(SOURCE INFORMATION Opens)

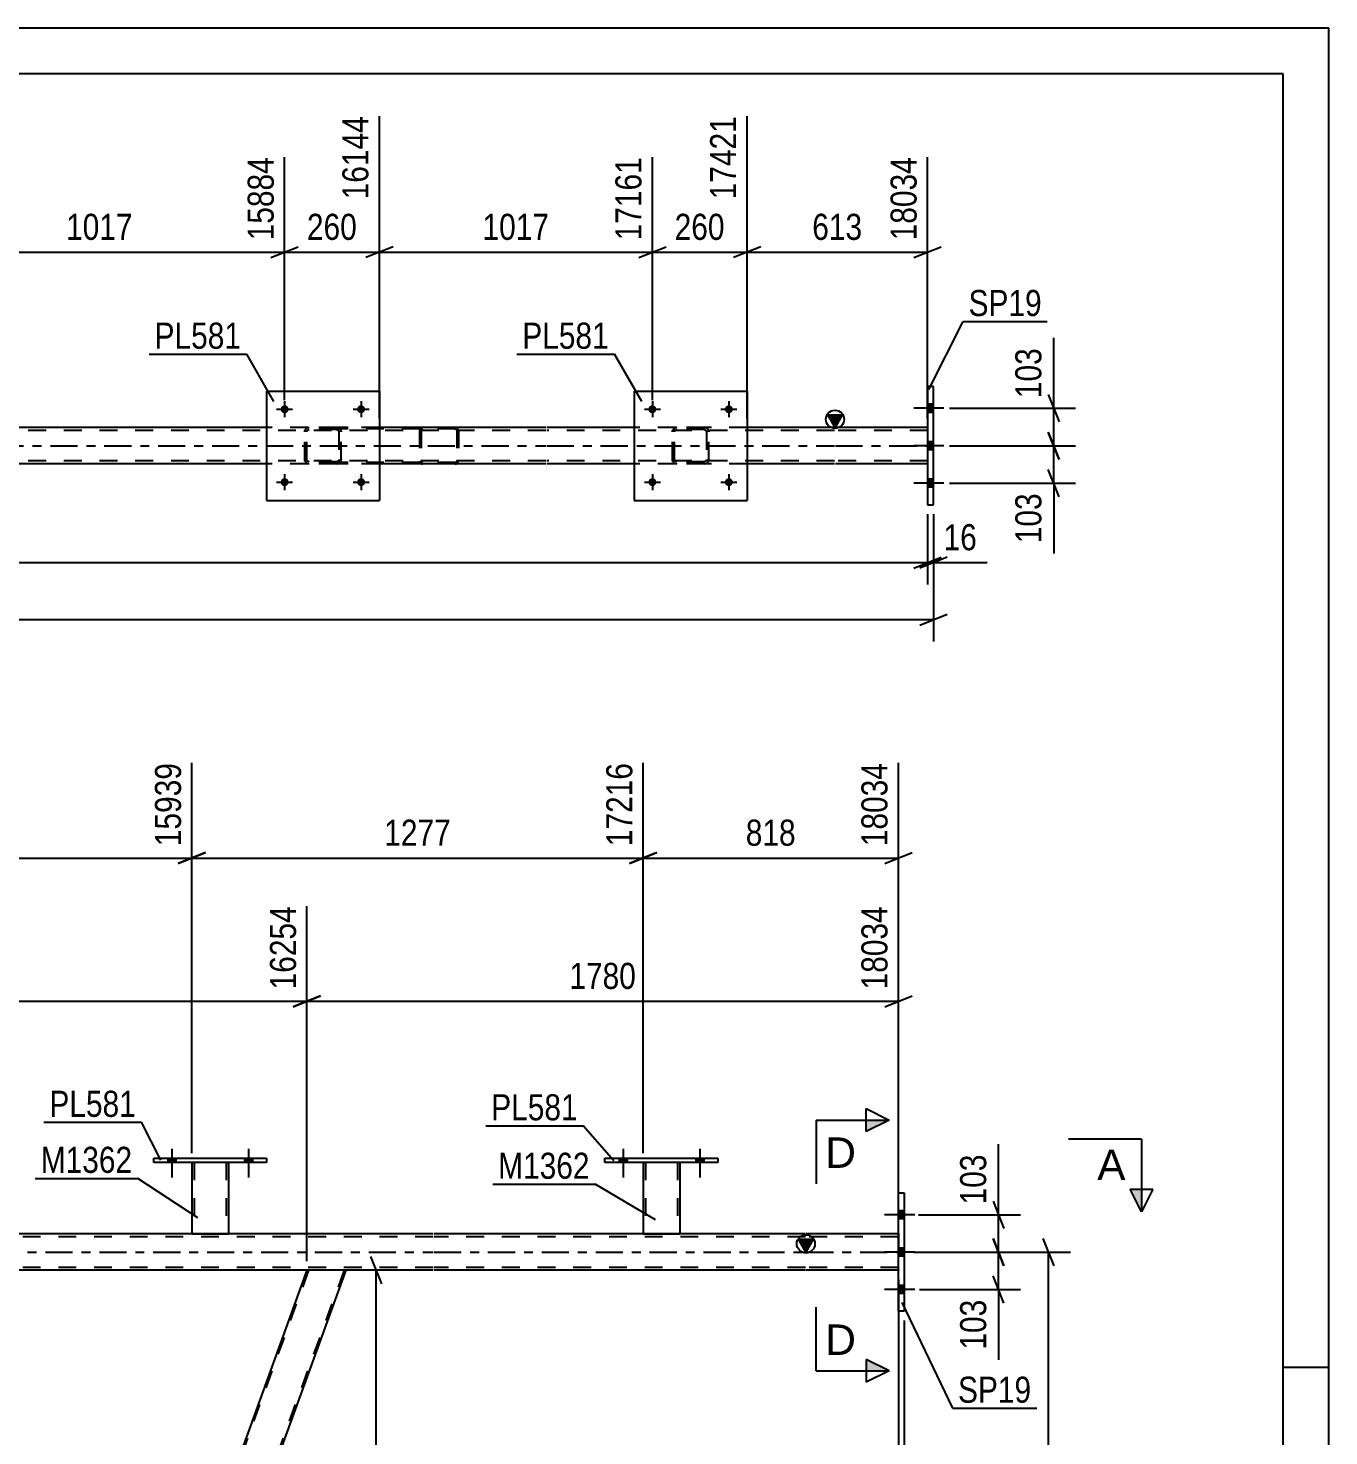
# Model space of a CAD drawing. Header units: millimetres. Extents: x 0 to 841, y 0 to 594.
# Drawn here: x 698.2 to 841, y 439.5 to 594 of the extents above; entities that cross this region are included whole.
import ezdxf

# ---------------------------------------------------------------- set-up
doc = ezdxf.new("R2010")
doc.units = ezdxf.units.MM
doc.linetypes.add('DXK_LINE_DOT2', pattern=[3.9198, 1.9599, -1.9599])
doc.linetypes.add('DXK_LINE_DOT3', pattern=[5.9187, 2.979, -0.9799, 0.9799, -0.9799])
doc.styles.add('Arial', font='ARIAL.TTF', dxfattribs={"height": 0.2})
doc.styles.add('Arial Narrow', font='ARIALN.TTF', dxfattribs={"height": 0.2})

# ---------------------------------------------------------------- blocks, each defined once
blk = doc.blocks.new('Unknown-318885039-1133')
at = {"color": 5, "linetype": 'Continuous'}
for p, q in [((841, 594), (0, 594)), ((841, 0), (841, 594)), ((836, 589), (5, 589)), ((836, 5), (836, 589)), ((841, 447), (836, 447))]:
    blk.add_line(p, q, dxfattribs=at)
blk = doc.blocks.new('Part-318885039-2878 - 2854')
at = {"color": 2, "linetype": 'Continuous'}
for p, q in [((724.33, 554.17), (724.33, 542.17)), ((724.33, 554.17), (736.73, 554.17)), ((736.73, 554.17), (736.73, 542.17)), ((724.33, 542.17), (736.73, 542.17))]:
    blk.add_line(p, q, dxfattribs=at)
blk = doc.blocks.new('Bolt-318885039-2856 - 2854')
at = {"linetype": 'Continuous'}
for points in [[(726.77, 544.17, -1), (725.89, 544.17, -1)], [(735.17, 544.17, -1), (734.29, 544.17, -1)]]:
    blk.add_hatch(color=1, dxfattribs=at).paths.add_polyline_path(points)
at = {"color": 1, "linetype": 'Continuous'}
for p, q in [((725.45, 544.17), (727.21, 544.17)), ((726.33, 545.05), (726.33, 543.29)), ((733.85, 544.17), (735.61, 544.17)), ((734.73, 545.05), (734.73, 543.29))]:
    blk.add_line(p, q, dxfattribs=at)
blk = doc.blocks.new('Bolt-318885039-2857 - 2854')
at = {"linetype": 'Continuous'}
for points in [[(726.77, 552.17, -1), (725.89, 552.17, -1)], [(735.17, 552.17, -1), (734.29, 552.17, -1)]]:
    blk.add_hatch(color=1, dxfattribs=at).paths.add_polyline_path(points)
at = {"color": 1, "linetype": 'Continuous'}
for p, q in [((725.45, 552.17), (727.21, 552.17)), ((726.33, 553.05), (726.33, 551.29)), ((733.85, 552.17), (735.61, 552.17)), ((734.73, 553.05), (734.73, 551.29))]:
    blk.add_line(p, q, dxfattribs=at)
blk = doc.blocks.new('Bolt-318885039-2858 - 2854')
at = {"linetype": 'Continuous'}
for points in [[(767.15, 544.17, -1), (766.27, 544.17, -1)], [(775.55, 544.17, -1), (774.67, 544.17, -1)]]:
    blk.add_hatch(color=1, dxfattribs=at).paths.add_polyline_path(points)
at = {"color": 1, "linetype": 'Continuous'}
for p, q in [((765.83, 544.17), (767.59, 544.17)), ((766.71, 545.05), (766.71, 543.29)), ((774.23, 544.17), (775.99, 544.17)), ((775.11, 545.05), (775.11, 543.29))]:
    blk.add_line(p, q, dxfattribs=at)
blk = doc.blocks.new('Bolt-318885039-2859 - 2854')
at = {"linetype": 'Continuous'}
for points in [[(767.15, 552.17, -1), (766.27, 552.17, -1)], [(775.55, 552.17, -1), (774.67, 552.17, -1)]]:
    blk.add_hatch(color=1, dxfattribs=at).paths.add_polyline_path(points)
at = {"color": 1, "linetype": 'Continuous'}
for p, q in [((765.83, 552.17), (767.59, 552.17)), ((766.71, 553.05), (766.71, 551.29)), ((774.23, 552.17), (775.99, 552.17)), ((775.11, 553.05), (775.11, 551.29))]:
    blk.add_line(p, q, dxfattribs=at)
blk = doc.blocks.new('Part-318885039-2873 - 2854')
at = {"color": 7, "linetype": 'DXK_LINE_DOT2'}
for p, q in [((728.82, 550.13), (729.01, 550.17)), ((729.01, 550.17), (728.82, 550.13)), ((732.05, 550.17), (729.01, 550.17)), ((732.05, 550.17), (732.23, 550.13)), ((732.23, 550.13), (732.05, 550.17)), ((728.53, 549.69), (728.56, 549.87)), ((728.56, 549.87), (728.53, 549.69)), ((728.53, 546.65), (728.53, 549.69)), ((728.77, 549.69), (728.78, 549.78)), ((728.77, 546.65), (728.77, 549.69)), ((728.78, 549.78), (728.84, 549.86)), ((728.84, 549.86), (728.91, 549.91)), ((728.91, 549.91), (729.01, 549.93)), ((732.05, 549.93), (729.01, 549.93)), ((732.05, 549.93), (732.14, 549.91)), ((732.14, 549.91), (732.22, 549.86)), ((732.22, 549.86), (732.27, 549.78)), ((732.27, 549.78), (732.29, 549.69)), ((732.29, 549.69), (732.29, 546.65)), ((732.49, 549.87), (732.53, 549.69)), ((732.53, 549.69), (732.49, 549.87)), ((732.53, 546.65), (732.53, 549.69)), ((728.56, 546.46), (728.53, 546.65)), ((728.53, 546.65), (728.56, 546.46)), ((728.78, 546.55), (728.77, 546.65)), ((728.84, 546.48), (728.78, 546.55)), ((729.01, 546.17), (728.82, 546.2)), ((728.82, 546.2), (729.01, 546.17)), ((728.91, 546.42), (728.84, 546.48)), ((729.01, 546.41), (728.91, 546.42)), ((732.05, 546.41), (729.01, 546.41)), ((732.05, 546.17), (729.01, 546.17)), ((732.14, 546.42), (732.05, 546.41)), ((732.23, 546.2), (732.05, 546.17)), ((732.05, 546.17), (732.23, 546.2)), ((732.22, 546.48), (732.14, 546.42)), ((732.27, 546.55), (732.22, 546.48)), ((732.29, 546.65), (732.27, 546.55)), ((732.53, 546.65), (732.49, 546.46)), ((732.49, 546.46), (732.53, 546.65))]:
    blk.add_line(p, q, dxfattribs=at)
at = {"color": 7, "linetype": 'DXK_LINE_DOT3'}
blk.add_line((730.53, 548.17), (730.53, 548.17), dxfattribs=at)
at = {"color": 7, "linetype": 'DXK_LINE_DOT2'}
for centre, start, end in [((729.01, 549.69), 112.5, 157.5), ((729.01, 549.69), 112.5, 157.5), ((732.05, 549.69), 22.5, 67.5), ((732.05, 549.69), 22.5, 67.5), ((729.01, 546.65), 202.5, 247.5), ((729.01, 546.65), 202.5, 247.5), ((732.05, 546.65), 292.5, 337.5), ((732.05, 546.65), 292.5, 337.5)]:
    blk.add_arc(centre, 0.48, start, end, dxfattribs=at)
blk = doc.blocks.new('Part-318885039-2879 - 2854')
at = {"color": 7, "linetype": 'DXK_LINE_DOT2'}
for p, q in [((769.2, 550.13), (769.39, 550.17)), ((769.39, 550.17), (769.2, 550.13)), ((772.43, 550.17), (769.39, 550.17)), ((772.43, 550.17), (772.61, 550.13)), ((772.61, 550.13), (772.43, 550.17)), ((768.91, 549.69), (768.94, 549.87)), ((768.94, 549.87), (768.91, 549.69)), ((768.91, 546.65), (768.91, 549.69)), ((769.15, 549.69), (769.16, 549.78)), ((769.15, 546.65), (769.15, 549.69)), ((769.16, 549.78), (769.22, 549.86)), ((769.22, 549.86), (769.29, 549.91)), ((769.29, 549.91), (769.39, 549.93)), ((772.43, 549.93), (769.39, 549.93)), ((772.43, 549.93), (772.52, 549.91)), ((772.52, 549.91), (772.6, 549.86)), ((772.6, 549.86), (772.65, 549.78)), ((772.65, 549.78), (772.67, 549.69)), ((772.67, 549.69), (772.67, 546.65)), ((772.87, 549.87), (772.91, 549.69)), ((772.91, 549.69), (772.87, 549.87)), ((772.91, 546.65), (772.91, 549.69)), ((768.94, 546.46), (768.91, 546.65)), ((768.91, 546.65), (768.94, 546.46)), ((769.16, 546.55), (769.15, 546.65)), ((769.22, 546.48), (769.16, 546.55)), ((769.39, 546.17), (769.2, 546.2)), ((769.2, 546.2), (769.39, 546.17)), ((769.29, 546.42), (769.22, 546.48)), ((769.39, 546.41), (769.29, 546.42)), ((772.43, 546.41), (769.39, 546.41)), ((772.43, 546.17), (769.39, 546.17)), ((772.52, 546.42), (772.43, 546.41)), ((772.61, 546.2), (772.43, 546.17)), ((772.43, 546.17), (772.61, 546.2)), ((772.6, 546.48), (772.52, 546.42)), ((772.65, 546.55), (772.6, 546.48)), ((772.67, 546.65), (772.65, 546.55)), ((772.91, 546.65), (772.87, 546.46)), ((772.87, 546.46), (772.91, 546.65))]:
    blk.add_line(p, q, dxfattribs=at)
at = {"color": 7, "linetype": 'DXK_LINE_DOT3'}
blk.add_line((770.91, 548.17), (770.91, 548.17), dxfattribs=at)
at = {"color": 7, "linetype": 'DXK_LINE_DOT2'}
for centre, start, end in [((769.39, 549.69), 112.5, 157.5), ((769.39, 549.69), 112.5, 157.5), ((772.43, 549.69), 22.5, 67.5), ((772.43, 549.69), 22.5, 67.5), ((769.39, 546.65), 202.5, 247.5), ((769.39, 546.65), 202.5, 247.5), ((772.43, 546.65), 292.5, 337.5), ((772.43, 546.65), 292.5, 337.5)]:
    blk.add_arc(centre, 0.48, start, end, dxfattribs=at)
blk = doc.blocks.new('Part-318885039-2884 - 2854')
at = {"color": 2, "linetype": 'Continuous'}
for p, q in [((764.71, 554.17), (764.71, 542.17)), ((764.71, 554.17), (777.11, 554.17)), ((777.11, 554.17), (777.11, 542.17)), ((764.71, 542.17), (777.11, 542.17))]:
    blk.add_line(p, q, dxfattribs=at)
blk = doc.blocks.new('Part-318885039-2972 - 2854')
at = {"color": 2, "linetype": 'Continuous'}
for p, q in [((797.57, 554.67), (796.93, 554.67)), ((796.93, 554.67), (796.93, 541.67)), ((797.57, 541.67), (797.57, 554.67)), ((796.93, 541.67), (797.57, 541.67))]:
    blk.add_line(p, q, dxfattribs=at)
blk = doc.blocks.new('Part-318885039-2998 - 2854')
at = {"color": 7, "linetype": 'DXK_LINE_DOT2'}
for p, q in [((745.07, 550.17), (729.74, 550.17)), ((741.49, 550.17), (741.36, 550.14)), ((745.2, 550.14), (745.07, 550.17)), ((745.07, 550.01), (729.74, 550.01)), ((741.18, 549.97), (741.15, 549.85)), ((741.15, 549.85), (741.15, 546.49)), ((741.32, 549.85), (741.33, 549.91)), ((741.32, 549.85), (741.32, 546.49)), ((741.33, 549.91), (741.37, 549.96)), ((741.37, 549.96), (741.43, 549.99)), ((741.43, 549.99), (741.49, 550.01)), ((745.07, 550.01), (745.13, 549.99)), ((745.13, 549.99), (745.16, 549.98)), ((745.16, 549.98), (745.19, 549.96)), ((745.19, 549.96), (745.22, 549.91)), ((745.22, 549.91), (745.24, 549.85)), ((745.24, 549.85), (745.24, 546.49)), ((745.41, 549.85), (745.38, 549.97)), ((745.41, 549.85), (745.41, 546.49)), ((745.07, 546.33), (729.74, 546.33)), ((745.07, 546.17), (729.74, 546.17)), ((741.15, 546.49), (741.18, 546.36)), ((741.33, 546.43), (741.32, 546.49)), ((741.37, 546.37), (741.33, 546.43)), ((741.36, 546.19), (741.49, 546.17)), ((741.37, 546.37), (741.4, 546.35)), ((741.4, 546.35), (741.43, 546.34)), ((741.43, 546.34), (741.49, 546.33)), ((745.13, 546.34), (745.07, 546.33)), ((745.07, 546.17), (745.2, 546.19)), ((745.19, 546.37), (745.13, 546.34)), ((745.22, 546.43), (745.19, 546.37)), ((745.24, 546.49), (745.22, 546.43)), ((745.38, 546.36), (745.41, 546.49))]:
    blk.add_line(p, q, dxfattribs=at)
for centre, start, end in [((741.48, 549.83), 110.7583, 155.68), ((745.08, 549.83), 24.32, 69.2417), ((741.48, 546.5), 204.32, 249.2417), ((745.08, 546.5), 290.7583, 335.68)]:
    blk.add_arc(centre, 0.331, start, end, dxfattribs=at)
blk = doc.blocks.new('Bolt-318885039-3021 - 2854')
at = {"linetype": 'Continuous'}
for points in [[(797.57, 551.83), (797.57, 552.71), (796.93, 552.71), (796.93, 551.83)], [(797.57, 551.83), (797.57, 552.71), (796.93, 552.71), (796.93, 551.83)], [(797.57, 551.83), (797.57, 552.71), (796.93, 552.71), (796.93, 551.83)], [(797.57, 547.73), (797.57, 548.61), (796.93, 548.61), (796.93, 547.73)], [(797.57, 547.73), (797.57, 548.61), (796.93, 548.61), (796.93, 547.73)], [(797.57, 543.63), (797.57, 544.51), (796.93, 544.51), (796.93, 543.63)], [(797.57, 543.63), (797.57, 544.51), (796.93, 544.51), (796.93, 543.63)], [(797.57, 543.63), (797.57, 544.51), (796.93, 544.51), (796.93, 543.63)]]:
    blk.add_hatch(color=1, dxfattribs=at).paths.add_polyline_path(points)
at = {"color": 1, "linetype": 'Continuous'}
for p, q in [((798.73, 552.27), (795.41, 552.27)), ((798.73, 552.27), (795.41, 552.27)), ((798.73, 552.27), (795.41, 552.27)), ((797.57, 552.71), (796.93, 552.71)), ((797.57, 552.71), (796.93, 552.71)), ((797.57, 552.71), (796.93, 552.71)), ((797.57, 551.83), (796.93, 551.83)), ((797.57, 551.83), (796.93, 551.83)), ((797.57, 551.83), (796.93, 551.83)), ((797.57, 548.61), (796.93, 548.61)), ((797.57, 548.61), (796.93, 548.61)), ((798.73, 548.17), (795.41, 548.17)), ((798.73, 548.17), (795.41, 548.17)), ((797.57, 547.73), (796.93, 547.73)), ((797.57, 547.73), (796.93, 547.73)), ((798.73, 544.07), (795.41, 544.07)), ((798.73, 544.07), (795.41, 544.07)), ((798.73, 544.07), (795.41, 544.07)), ((797.57, 544.51), (796.93, 544.51)), ((797.57, 544.51), (796.93, 544.51)), ((797.57, 544.51), (796.93, 544.51)), ((797.57, 543.63), (796.93, 543.63)), ((797.57, 543.63), (796.93, 543.63)), ((797.57, 543.63), (796.93, 543.63))]:
    blk.add_line(p, q, dxfattribs=at)
blk = doc.blocks.new('Part-318885039-3064 - 2854')
at = {"linetype": 'Continuous'}
blk.add_hatch(color=2, dxfattribs=at).paths.add_polyline_path([(786.77, 550.17), (785.97, 551.57), (787.57, 551.57)])
at = {"color": 2, "linetype": 'Continuous'}
for p, q in [((724.33, 550.17), (685.65, 550.17)), ((755.01, 550.17), (736.73, 550.17)), ((764.71, 550.17), (755.11, 550.17)), ((786.71, 550.17), (777.11, 550.17)), ((786.77, 550.17), (785.97, 551.57)), ((785.97, 551.57), (787.57, 551.57)), ((787.57, 551.57), (786.77, 550.17)), ((796.93, 550.17), (786.81, 550.17)), ((724.33, 546.17), (685.65, 546.17)), ((755.01, 546.17), (736.73, 546.17)), ((764.71, 546.17), (755.11, 546.17)), ((786.71, 546.17), (777.11, 546.17)), ((796.93, 546.17), (786.81, 546.17))]:
    blk.add_line(p, q, dxfattribs=at)
at = {"color": 7, "linetype": 'DXK_LINE_DOT2'}
for p, q in [((736.73, 550.17), (724.33, 550.17)), ((777.11, 550.17), (764.71, 550.17)), ((796.93, 550.17), (796.93, 546.17)), ((755.01, 549.85), (90.98, 549.85)), ((786.71, 549.85), (755.11, 549.85)), ((796.93, 549.85), (786.81, 549.85)), ((755.01, 546.49), (90.98, 546.49)), ((736.73, 546.17), (724.33, 546.17)), ((786.71, 546.49), (755.11, 546.49)), ((777.11, 546.17), (764.71, 546.17)), ((796.93, 546.49), (786.81, 546.49))]:
    blk.add_line(p, q, dxfattribs=at)
at = {"color": 7, "linetype": 'DXK_LINE_DOT3'}
for p, q in [((90.98, 548.17), (755.01, 548.17)), ((755.11, 548.17), (786.71, 548.17)), ((786.81, 548.17), (796.93, 548.17))]:
    blk.add_line(p, q, dxfattribs=at)
at = {"color": 2, "linetype": 'Continuous'}
blk.add_circle((786.77, 551.07), 1, dxfattribs=at)
blk = doc.blocks.new('Part-318885039-3878 - 3851')
at = {"color": 7, "linetype": 'DXK_LINE_DOT2'}
for p, q in [((728.95, 457.66), (684.83, 336.44)), ((732.86, 457.66), (688.74, 336.44)), ((685.9, 339.87), (684.66, 336.44)), ((688.91, 336.44), (684.66, 336.44))]:
    blk.add_line(p, q, dxfattribs=at)
at = {"color": 2, "linetype": 'Continuous'}
for p, q in [((728.78, 457.66), (685.9, 339.87)), ((733.04, 457.66), (688.91, 336.44)), ((733.04, 457.66), (728.78, 457.66))]:
    blk.add_line(p, q, dxfattribs=at)
blk = doc.blocks.new('Part-318885039-3918 - 3851')
at = {"linetype": 'Continuous'}
blk.add_hatch(color=2, dxfattribs=at).paths.add_polyline_path([(783.57, 459.66), (782.77, 461.06), (784.37, 461.06)])
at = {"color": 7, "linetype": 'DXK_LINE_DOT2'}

(SOURCE INFORMATION Closes)

Make a copy of each line in the records that has the word "Part".

blk = doc.blocks.new('Part-318885039-2878 - 2854')
blk = doc.blocks.new('Part-318885039-2873 - 2854')
blk = doc.blocks.new('Part-318885039-2879 - 2854')
blk = doc.blocks.new('Part-318885039-2884 - 2854')
blk = doc.blocks.new('Part-318885039-2972 - 2854')
blk = doc.blocks.new('Part-318885039-2998 - 2854')
blk = doc.blocks.new('Part-318885039-3064 - 2854')
blk = doc.blocks.new('Part-318885039-3878 - 3851')
blk = doc.blocks.new('Part-318885039-3918 - 3851')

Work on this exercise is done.